2- Karşımdaki sadece kendini dinletmeyi tercih eden koca bir bencil.
Bir de konuşmanın orta yerinde söz kesip kendinden bahsetmeye başlayan narsistler var. Konu hep onlara gelmeli ve dünya onların etrafında dönmeli. Onların doğru bildikleri üzerine yaşamalı insanlar. Bu apayrı bir yazı konusu olmakla birlikte, çoğunlukla insanlardan kaçma sebebim.
***
İletişim kurabilmek en elzem ihtiyacımız ve birbirimizi dinlerken inanmayı tercih ediyoruz, inanıyoruz, önemsiyoruz kelimeleri. Oysa inanmak en eski zaafımız. Kelimelerin söz vermek kadar önemli olduğunu sanırdım. Yıllar sonra eminim ki kelimeler de verilen sözler gibi sadece an’ı kurtarmakla görevli ucuz araçlar olabiliyormuş. Sadakat ve güven gibi en temel değerlerin sarsıldığı tecrübeler, ‘şüphe’yi kaçınılmaz hale getiriyormuş. Tüm bu kırılan hayallerimin üzerine, geçen yıl izlediğim diziden sonra…
***
21 Ocak 2009 ve 31 Ocak 2011 tarihleri arasında yayınlanan, benim ise geçen yıl keşfedip izlediğim, başrolünde Tim Roth’un oynadığı dizi ‘Lie to Me’…

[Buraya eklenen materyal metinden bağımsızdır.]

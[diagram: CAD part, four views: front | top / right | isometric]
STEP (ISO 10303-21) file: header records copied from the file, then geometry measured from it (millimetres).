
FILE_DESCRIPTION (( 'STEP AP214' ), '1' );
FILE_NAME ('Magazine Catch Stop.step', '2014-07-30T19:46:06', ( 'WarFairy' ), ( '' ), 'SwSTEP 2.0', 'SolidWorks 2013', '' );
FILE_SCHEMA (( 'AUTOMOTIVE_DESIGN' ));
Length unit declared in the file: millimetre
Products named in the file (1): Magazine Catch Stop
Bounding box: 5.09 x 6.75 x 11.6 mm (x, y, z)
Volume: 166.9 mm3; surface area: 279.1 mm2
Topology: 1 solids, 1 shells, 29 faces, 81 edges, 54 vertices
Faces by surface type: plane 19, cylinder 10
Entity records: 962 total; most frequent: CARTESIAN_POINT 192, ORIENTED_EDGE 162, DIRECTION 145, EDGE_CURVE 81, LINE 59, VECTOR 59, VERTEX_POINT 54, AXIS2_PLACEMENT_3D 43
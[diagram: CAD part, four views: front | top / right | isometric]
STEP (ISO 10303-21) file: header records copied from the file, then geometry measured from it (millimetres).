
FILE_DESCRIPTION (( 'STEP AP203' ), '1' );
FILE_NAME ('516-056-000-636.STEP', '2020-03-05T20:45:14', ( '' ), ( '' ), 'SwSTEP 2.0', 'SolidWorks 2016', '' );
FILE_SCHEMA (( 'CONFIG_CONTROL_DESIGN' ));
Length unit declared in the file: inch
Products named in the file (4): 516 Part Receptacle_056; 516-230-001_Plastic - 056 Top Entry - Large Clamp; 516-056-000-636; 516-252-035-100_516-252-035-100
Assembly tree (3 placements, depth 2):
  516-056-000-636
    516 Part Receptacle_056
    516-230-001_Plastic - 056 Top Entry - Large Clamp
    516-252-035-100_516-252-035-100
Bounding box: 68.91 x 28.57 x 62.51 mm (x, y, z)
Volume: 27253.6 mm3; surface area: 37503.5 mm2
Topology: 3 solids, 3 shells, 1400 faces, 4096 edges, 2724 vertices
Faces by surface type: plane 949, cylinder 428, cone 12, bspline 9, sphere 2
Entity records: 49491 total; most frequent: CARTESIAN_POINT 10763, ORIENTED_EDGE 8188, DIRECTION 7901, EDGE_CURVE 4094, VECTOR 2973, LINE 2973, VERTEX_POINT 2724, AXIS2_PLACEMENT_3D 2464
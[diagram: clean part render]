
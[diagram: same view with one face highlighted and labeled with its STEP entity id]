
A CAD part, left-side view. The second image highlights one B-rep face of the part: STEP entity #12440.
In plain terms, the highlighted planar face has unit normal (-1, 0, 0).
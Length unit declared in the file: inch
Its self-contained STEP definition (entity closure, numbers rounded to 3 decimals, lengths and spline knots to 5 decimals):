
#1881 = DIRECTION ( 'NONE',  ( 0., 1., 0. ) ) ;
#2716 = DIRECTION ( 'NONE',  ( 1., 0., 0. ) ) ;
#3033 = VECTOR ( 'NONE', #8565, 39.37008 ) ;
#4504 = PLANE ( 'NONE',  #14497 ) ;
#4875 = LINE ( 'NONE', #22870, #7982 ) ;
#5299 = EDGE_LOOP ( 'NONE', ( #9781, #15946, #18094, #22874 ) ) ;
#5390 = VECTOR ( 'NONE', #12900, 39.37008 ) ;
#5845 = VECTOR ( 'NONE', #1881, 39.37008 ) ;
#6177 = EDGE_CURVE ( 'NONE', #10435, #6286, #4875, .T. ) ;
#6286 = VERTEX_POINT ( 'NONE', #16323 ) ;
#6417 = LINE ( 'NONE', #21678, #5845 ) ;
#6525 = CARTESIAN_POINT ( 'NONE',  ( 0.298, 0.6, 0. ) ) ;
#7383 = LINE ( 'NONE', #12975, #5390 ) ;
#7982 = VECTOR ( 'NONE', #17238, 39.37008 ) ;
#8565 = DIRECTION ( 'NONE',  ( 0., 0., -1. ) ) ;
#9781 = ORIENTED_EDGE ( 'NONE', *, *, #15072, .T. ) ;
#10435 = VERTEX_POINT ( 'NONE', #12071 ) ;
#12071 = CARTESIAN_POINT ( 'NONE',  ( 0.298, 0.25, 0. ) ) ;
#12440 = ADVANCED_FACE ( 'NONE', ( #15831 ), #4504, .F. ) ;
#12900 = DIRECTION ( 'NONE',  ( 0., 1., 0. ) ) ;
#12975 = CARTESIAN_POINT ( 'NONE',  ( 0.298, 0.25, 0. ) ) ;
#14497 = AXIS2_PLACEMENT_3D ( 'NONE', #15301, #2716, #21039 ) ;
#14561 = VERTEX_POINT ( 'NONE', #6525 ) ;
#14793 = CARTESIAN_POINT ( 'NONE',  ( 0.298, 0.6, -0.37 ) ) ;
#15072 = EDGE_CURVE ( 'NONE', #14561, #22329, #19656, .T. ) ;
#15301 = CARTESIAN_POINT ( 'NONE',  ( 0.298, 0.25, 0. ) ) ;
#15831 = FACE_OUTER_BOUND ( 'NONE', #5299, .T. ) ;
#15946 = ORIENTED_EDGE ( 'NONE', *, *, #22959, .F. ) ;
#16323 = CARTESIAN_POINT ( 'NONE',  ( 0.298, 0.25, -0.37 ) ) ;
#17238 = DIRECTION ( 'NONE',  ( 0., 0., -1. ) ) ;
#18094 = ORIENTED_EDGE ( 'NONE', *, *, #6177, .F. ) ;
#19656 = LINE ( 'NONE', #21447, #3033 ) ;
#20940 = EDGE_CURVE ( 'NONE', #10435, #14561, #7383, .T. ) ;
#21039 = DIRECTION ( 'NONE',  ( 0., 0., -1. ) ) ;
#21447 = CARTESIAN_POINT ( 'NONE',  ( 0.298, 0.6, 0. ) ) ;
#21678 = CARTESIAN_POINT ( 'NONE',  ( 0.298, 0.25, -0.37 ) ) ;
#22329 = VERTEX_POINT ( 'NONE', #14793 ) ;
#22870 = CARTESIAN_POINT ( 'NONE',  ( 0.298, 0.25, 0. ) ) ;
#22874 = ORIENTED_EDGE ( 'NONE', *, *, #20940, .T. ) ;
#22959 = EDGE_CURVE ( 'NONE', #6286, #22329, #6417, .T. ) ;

Tim Roth’un canlandırdığı Psikolog Dr. Cal Lightman, insanların yüzlerindeki en ufak ifadelerin ne anlama geldiği konusunda uzman. Aslında bu dizinin gerçek hayattaki kahramanı psikolog Paul Ekman. Türkçeye çevrilen kitaplarını incelemek isterseniz: Yakamoz yayınlarından ‘Çocuklar neden yalan söyler?’, Koridor yayıncılıktan ‘Ne düşündüğünü biliyorum’ ve Okuyanus yayınlarından ‘Yalan söylediğimi nasıl anladın?!’. Ben kitaplarından birini henüz okumadım ancak dizide onun bilgileri referans alındığı için öğrendiğim birkaç bilgiyi sizinle paylaşabilirim.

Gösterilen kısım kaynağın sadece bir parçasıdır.